In der Klasse habe ich nur drei Methoden drin. Die einzige die infrage kommt ist die Methode in der Gross und Kleinschreibung umgeandelt wird.

```
/**
     * Wandelt alle Zeichen zu kleinbuchstaben und jeweils das Anfangszeichen Gross
     * @param zeichenkette <b>String</b> (DIE zeichenKETTE)
     * @return neueZeichenkette <b>String</b> (Die Zeichenkette)
     */
    public static String umwandelnGrossKlein(String zeichenkette) {
        // Variablendeklaration
        String neueZeichenkette = "";

        // String als Trennzeichen
        String[] isbnArray = zeichenkette.split(" ");
        for (int i = 0; i < isbnArray.length; i++) {
            isbnArray[i] = isbnArray[i].toLowerCase();
            isbnArray[i] = isbnArray[i].substring(0, 1).toUpperCase() + isbnArray[i].substring(1);
        }
        for (int j = 0; j < isbnArray.length; j++) {
            neueZeichenkette = neueZeichenkette + " " + isbnArray[j];
        }
        // Erstes Leerzeichen entfernen
        neueZeichenkette = neueZeichenkette.substring(1, neueZeichenkette.length());

        LOG.info("Der konvertierte String ist : " + neueZeichenkette);

        return neueZeichenkette;
    } // umwandelnGrossKlein
```


----------



## mrBrown (20. Jan 2018)

MiMa hat gesagt.:


> Hier mal ein anderes und vollständiges und umfangreiches LOG.


Das ist leider ziemlich nichtssagend, ohne den Code zu kennen 

Beim Umwandeln der Zeichenkette in passende Groß/Kleinschreibung kommt offensichtlich schon der String mit '*' raus.
Ob das was mit dem Problem zu tun hat - unmöglich zu sagen, ohne zu wissen was da passiert.

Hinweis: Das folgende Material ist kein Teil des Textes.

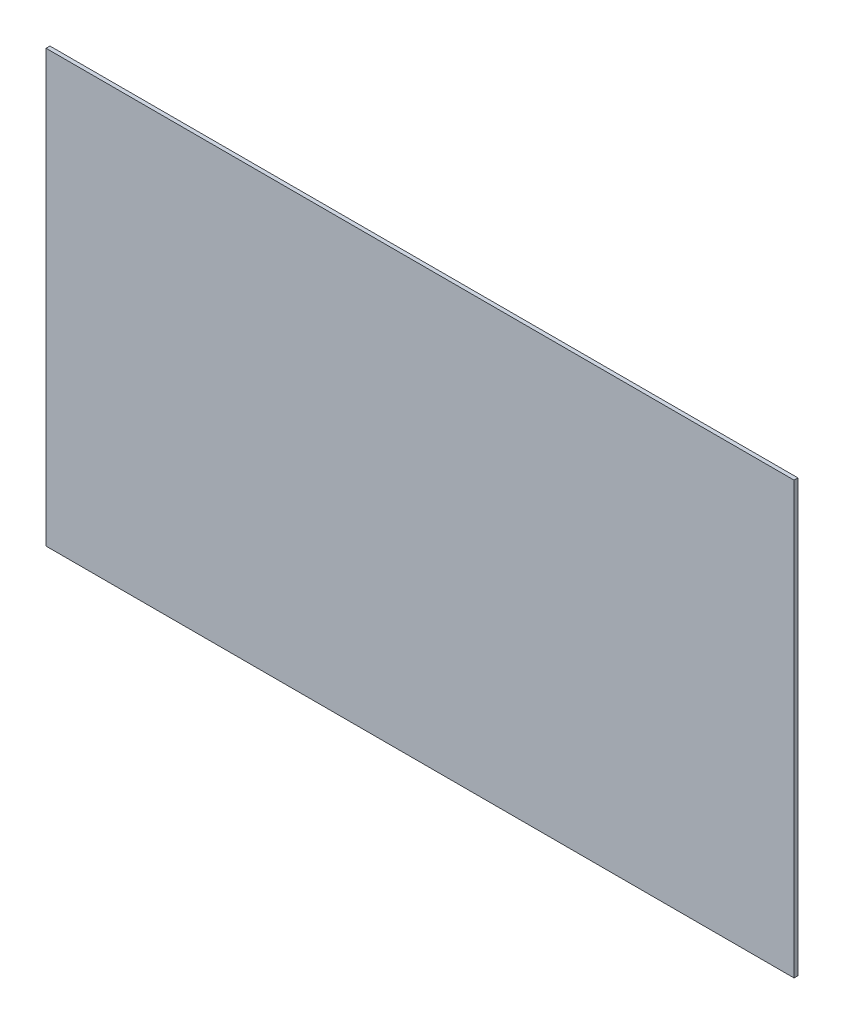
ISO-10303-21;
HEADER;
FILE_DESCRIPTION(('STEP AP214'),'2;1');
FILE_NAME('part.step','',(''),(''),'','','');
FILE_SCHEMA(('AUTOMOTIVE_DESIGN { 1 0 10303 214 1 1 1 1 }'));
ENDSEC;
DATA;
#1=APPLICATION_CONTEXT('core data for automotive mechanical design processes');
#2=APPLICATION_PROTOCOL_DEFINITION('international standard','automotive_design',2000,#1);
#3=PRODUCT_CONTEXT('',#1,'mechanical');
#4=PRODUCT('Part','Part','',(#3));
#5=PRODUCT_RELATED_PRODUCT_CATEGORY('part','',(#4));
#6=PRODUCT_DEFINITION_FORMATION('','',#4);
#7=PRODUCT_DEFINITION_CONTEXT('part definition',#1,'design');
#8=PRODUCT_DEFINITION('design','',#6,#7);
#9=PRODUCT_DEFINITION_SHAPE('','',#8);
#10=(LENGTH_UNIT() NAMED_UNIT(*) SI_UNIT(.MILLI.,.METRE.));
#11=(NAMED_UNIT(*) PLANE_ANGLE_UNIT() SI_UNIT($,.RADIAN.));
#12=(NAMED_UNIT(*) SI_UNIT($,.STERADIAN.) SOLID_ANGLE_UNIT());
#13=UNCERTAINTY_MEASURE_WITH_UNIT(LENGTH_MEASURE(1.E-05),#10,'distance_accuracy_value','');
#14=(GEOMETRIC_REPRESENTATION_CONTEXT(3) GLOBAL_UNCERTAINTY_ASSIGNED_CONTEXT((#13)) GLOBAL_UNIT_ASSIGNED_CONTEXT((#10,
#11,#12)) REPRESENTATION_CONTEXT('',''));
#15=CARTESIAN_POINT('',(0.,0.,0.));
#16=DIRECTION('',(0.,0.,1.));
#17=DIRECTION('',(1.,0.,0.));
#18=AXIS2_PLACEMENT_3D('',#15,#16,#17);
#19=CARTESIAN_POINT('',(0.,0.,9.525));
#20=DIRECTION('',(0.,0.,1.));
#21=DIRECTION('',(1.,0.,0.));
#22=AXIS2_PLACEMENT_3D('',#19,#20,#21);
#23=PLANE('',#22);
#24=DIRECTION('',(0.,1.,0.));
#25=VECTOR('',#24,1.);
#26=CARTESIAN_POINT('',(0.,1054.1,9.525));
#27=LINE('',#26,#25);
#28=CARTESIAN_POINT('',(0.,0.,9.525));
#29=VERTEX_POINT('',#28);
#30=CARTESIAN_POINT('',(0.,1054.1,9.525));
#31=VERTEX_POINT('',#30);
#32=EDGE_CURVE('E67',#29,#31,#27,.T.);
#33=ORIENTED_EDGE('',*,*,#32,.F.);
#34=DIRECTION('',(1.,0.,0.));
#35=VECTOR('',#34,1.);
#36=CARTESIAN_POINT('',(0.,0.,9.525));
#37=LINE('',#36,#35);
#38=CARTESIAN_POINT('',(1828.8,0.,9.525));
#39=VERTEX_POINT('',#38);
#40=EDGE_CURVE('E19',#39,#29,#37,.F.);
#41=ORIENTED_EDGE('',*,*,#40,.F.);
#42=DIRECTION('',(0.,1.,0.));
#43=VECTOR('',#42,1.);
#44=CARTESIAN_POINT('',(1828.8,0.,9.525));
#45=LINE('',#44,#43);
#46=CARTESIAN_POINT('',(1828.8,1054.1,9.525));
#47=VERTEX_POINT('',#46);
#48=EDGE_CURVE('E57',#47,#39,#45,.F.);
#49=ORIENTED_EDGE('',*,*,#48,.F.);
#50=DIRECTION('',(1.,0.,0.));
#51=VECTOR('',#50,1.);
#52=CARTESIAN_POINT('',(1828.8,1054.1,9.525));
#53=LINE('',#52,#51);
#54=EDGE_CURVE('E52',#31,#47,#53,.T.);
#55=ORIENTED_EDGE('',*,*,#54,.F.);
#56=EDGE_LOOP('',(#33,#41,#49,#55));
#57=FACE_BOUND('',#56,.T.);
#58=ADVANCED_FACE('F16',(#57),#23,.T.);
#59=CARTESIAN_POINT('',(0.,0.,0.));
#60=DIRECTION('',(0.,-1.,0.));
#61=DIRECTION('',(0.,0.,-1.));
#62=AXIS2_PLACEMENT_3D('',#59,#60,#61);
#63=PLANE('',#62);
#64=DIRECTION('',(0.,0.,1.));
#65=VECTOR('',#64,1.);
#66=CARTESIAN_POINT('',(0.,0.,0.));
#67=LINE('',#66,#65);
#68=CARTESIAN_POINT('',(0.,0.,0.));
#69=VERTEX_POINT('',#68);
#70=EDGE_CURVE('E78',#69,#29,#67,.T.);
#71=ORIENTED_EDGE('',*,*,#70,.F.);
#72=DIRECTION('',(1.,0.,0.));
#73=VECTOR('',#72,1.);
#74=CARTESIAN_POINT('',(0.,0.,0.));
#75=LINE('',#74,#73);
#76=CARTESIAN_POINT('',(1828.8,0.,0.));
#77=VERTEX_POINT('',#76);
#78=EDGE_CURVE('E73',#69,#77,#75,.T.);
#79=ORIENTED_EDGE('',*,*,#78,.T.);
#80=DIRECTION('',(0.,0.,-1.));
#81=VECTOR('',#80,1.);
#82=CARTESIAN_POINT('',(1828.8,0.,0.));
#83=LINE('',#82,#81);
#84=EDGE_CURVE('E62',#39,#77,#83,.T.);
#85=ORIENTED_EDGE('',*,*,#84,.F.);
#86=ORIENTED_EDGE('',*,*,#40,.T.);
#87=EDGE_LOOP('',(#71,#79,#85,#86));
#88=FACE_BOUND('',#87,.T.);
#89=ADVANCED_FACE('F72',(#88),#63,.T.);
#90=CARTESIAN_POINT('',(1828.8,0.,0.));
#91=DIRECTION('',(1.,0.,0.));
#92=DIRECTION('',(0.,0.,-1.));
#93=AXIS2_PLACEMENT_3D('',#90,#91,#92);
#94=PLANE('',#93);
#95=ORIENTED_EDGE('',*,*,#84,.T.);
#96=DIRECTION('',(0.,1.,0.));
#97=VECTOR('',#96,1.);
#98=CARTESIAN_POINT('',(1828.8,0.,0.));
#99=LINE('',#98,#97);
#100=CARTESIAN_POINT('',(1828.8,1054.1,0.));
#101=VERTEX_POINT('',#100);
#102=EDGE_CURVE('E83',#77,#101,#99,.T.);
#103=ORIENTED_EDGE('',*,*,#102,.T.);
#104=DIRECTION('',(0.,0.,1.));
#105=VECTOR('',#104,1.);
#106=CARTESIAN_POINT('',(1828.8,1054.1,0.));
#107=LINE('',#106,#105);
#108=EDGE_CURVE('E64',#47,#101,#107,.F.);
#109=ORIENTED_EDGE('',*,*,#108,.F.);
#110=ORIENTED_EDGE('',*,*,#48,.T.);
#111=EDGE_LOOP('',(#95,#103,#109,#110));
#112=FACE_BOUND('',#111,.T.);
#113=ADVANCED_FACE('F59',(#112),#94,.T.);
#114=CARTESIAN_POINT('',(1828.8,1054.1,0.));
#115=DIRECTION('',(0.,1.,0.));
#116=DIRECTION('',(0.,0.,1.));
#117=AXIS2_PLACEMENT_3D('',#114,#115,#116);
#118=PLANE('',#117);
#119=ORIENTED_EDGE('',*,*,#108,.T.);
#120=DIRECTION('',(1.,0.,0.));
#121=VECTOR('',#120,1.);
#122=CARTESIAN_POINT('',(0.,1054.1,0.));
#123=LINE('',#122,#121);
#124=CARTESIAN_POINT('',(0.,1054.1,0.));
#125=VERTEX_POINT('',#124);
#126=EDGE_CURVE('E25',#101,#125,#123,.F.);
#127=ORIENTED_EDGE('',*,*,#126,.T.);
#128=DIRECTION('',(0.,0.,1.));
#129=VECTOR('',#128,1.);
#130=CARTESIAN_POINT('',(0.,1054.1,0.));
#131=LINE('',#130,#129);
#132=EDGE_CURVE('E33',#31,#125,#131,.F.);
#133=ORIENTED_EDGE('',*,*,#132,.F.);
#134=ORIENTED_EDGE('',*,*,#54,.T.);
#135=EDGE_LOOP('',(#119,#127,#133,#134));
#136=FACE_BOUND('',#135,.T.);
#137=ADVANCED_FACE('F87',(#136),#118,.T.);
#138=CARTESIAN_POINT('',(0.,1054.1,0.));
#139=DIRECTION('',(-1.,0.,0.));
#140=DIRECTION('',(0.,0.,1.));
#141=AXIS2_PLACEMENT_3D('',#138,#139,#140);
#142=PLANE('',#141);
#143=ORIENTED_EDGE('',*,*,#132,.T.);
#144=DIRECTION('',(0.,1.,0.));
#145=VECTOR('',#144,1.);
#146=CARTESIAN_POINT('',(0.,0.,0.));
#147=LINE('',#146,#145);
#148=EDGE_CURVE('E11',#125,#69,#147,.F.);
#149=ORIENTED_EDGE('',*,*,#148,.T.);
#150=ORIENTED_EDGE('',*,*,#70,.T.);
#151=ORIENTED_EDGE('',*,*,#32,.T.);
#152=EDGE_LOOP('',(#143,#149,#150,#151));
#153=FACE_BOUND('',#152,.T.);
#154=ADVANCED_FACE('F90',(#153),#142,.T.);
#155=CARTESIAN_POINT('',(0.,0.,0.));
#156=DIRECTION('',(0.,0.,1.));
#157=DIRECTION('',(1.,0.,0.));
#158=AXIS2_PLACEMENT_3D('',#155,#156,#157);
#159=PLANE('',#158);
#160=ORIENTED_EDGE('',*,*,#126,.F.);
#161=ORIENTED_EDGE('',*,*,#102,.F.);
#162=ORIENTED_EDGE('',*,*,#78,.F.);
#163=ORIENTED_EDGE('',*,*,#148,.F.);
#164=EDGE_LOOP('',(#160,#161,#162,#163));
#165=FACE_BOUND('',#164,.T.);
#166=ADVANCED_FACE('F89',(#165),#159,.F.);
#167=CLOSED_SHELL('',(#58,#89,#113,#137,#154,#166));
#168=MANIFOLD_SOLID_BREP('B1',#167);
#169=ADVANCED_BREP_SHAPE_REPRESENTATION('',(#18,#168),#14);
#170=SHAPE_DEFINITION_REPRESENTATION(#9,#169);
ENDSEC;
END-ISO-10303-21;

Wenn ich jetzt mal völlig ins blaue rate: Der Track-Name enthält '*', und den Tracknamen benutzt du für den neuen Dateinamen.


----------



## MiMa (20. Jan 2018)

Habe das Problem nun gefunden und behoben.
Das Problem lag weder am Dateinamen, noch an der Umwandlung von Gross und Kleinschreibung.
Der Grund warum der Dateinamen mit unterstriche war und nachher Sterne im Dateinamen geschrieben werden wollten lag darin, das in den MP3 id3v2 Tags der Titel mit den Sternchen enthalten war.
Da die zielDatei nicht aus dem ursprünglichen Dateinamen erstellt wird, sondern aus den id3 Tags konnte ich das Problem jetzt lösen. Ich prüfe jetzt auch den Titel vor dem Konvertieren in Gross und Kleinbuchstaben mit einer Methode auf ungültige Zeichen für Dateinamen.


----------



## mrBrown (20. Jan 2018)

Da hab ich ja sogar richtig geraten  




MiMa hat gesagt.:


> Ich prüfe jetzt auch den Titel vor dem Konvertieren in Gross und Kleinbuchstaben mit einer Methode auf ungültige Zeichen für Dateinamen.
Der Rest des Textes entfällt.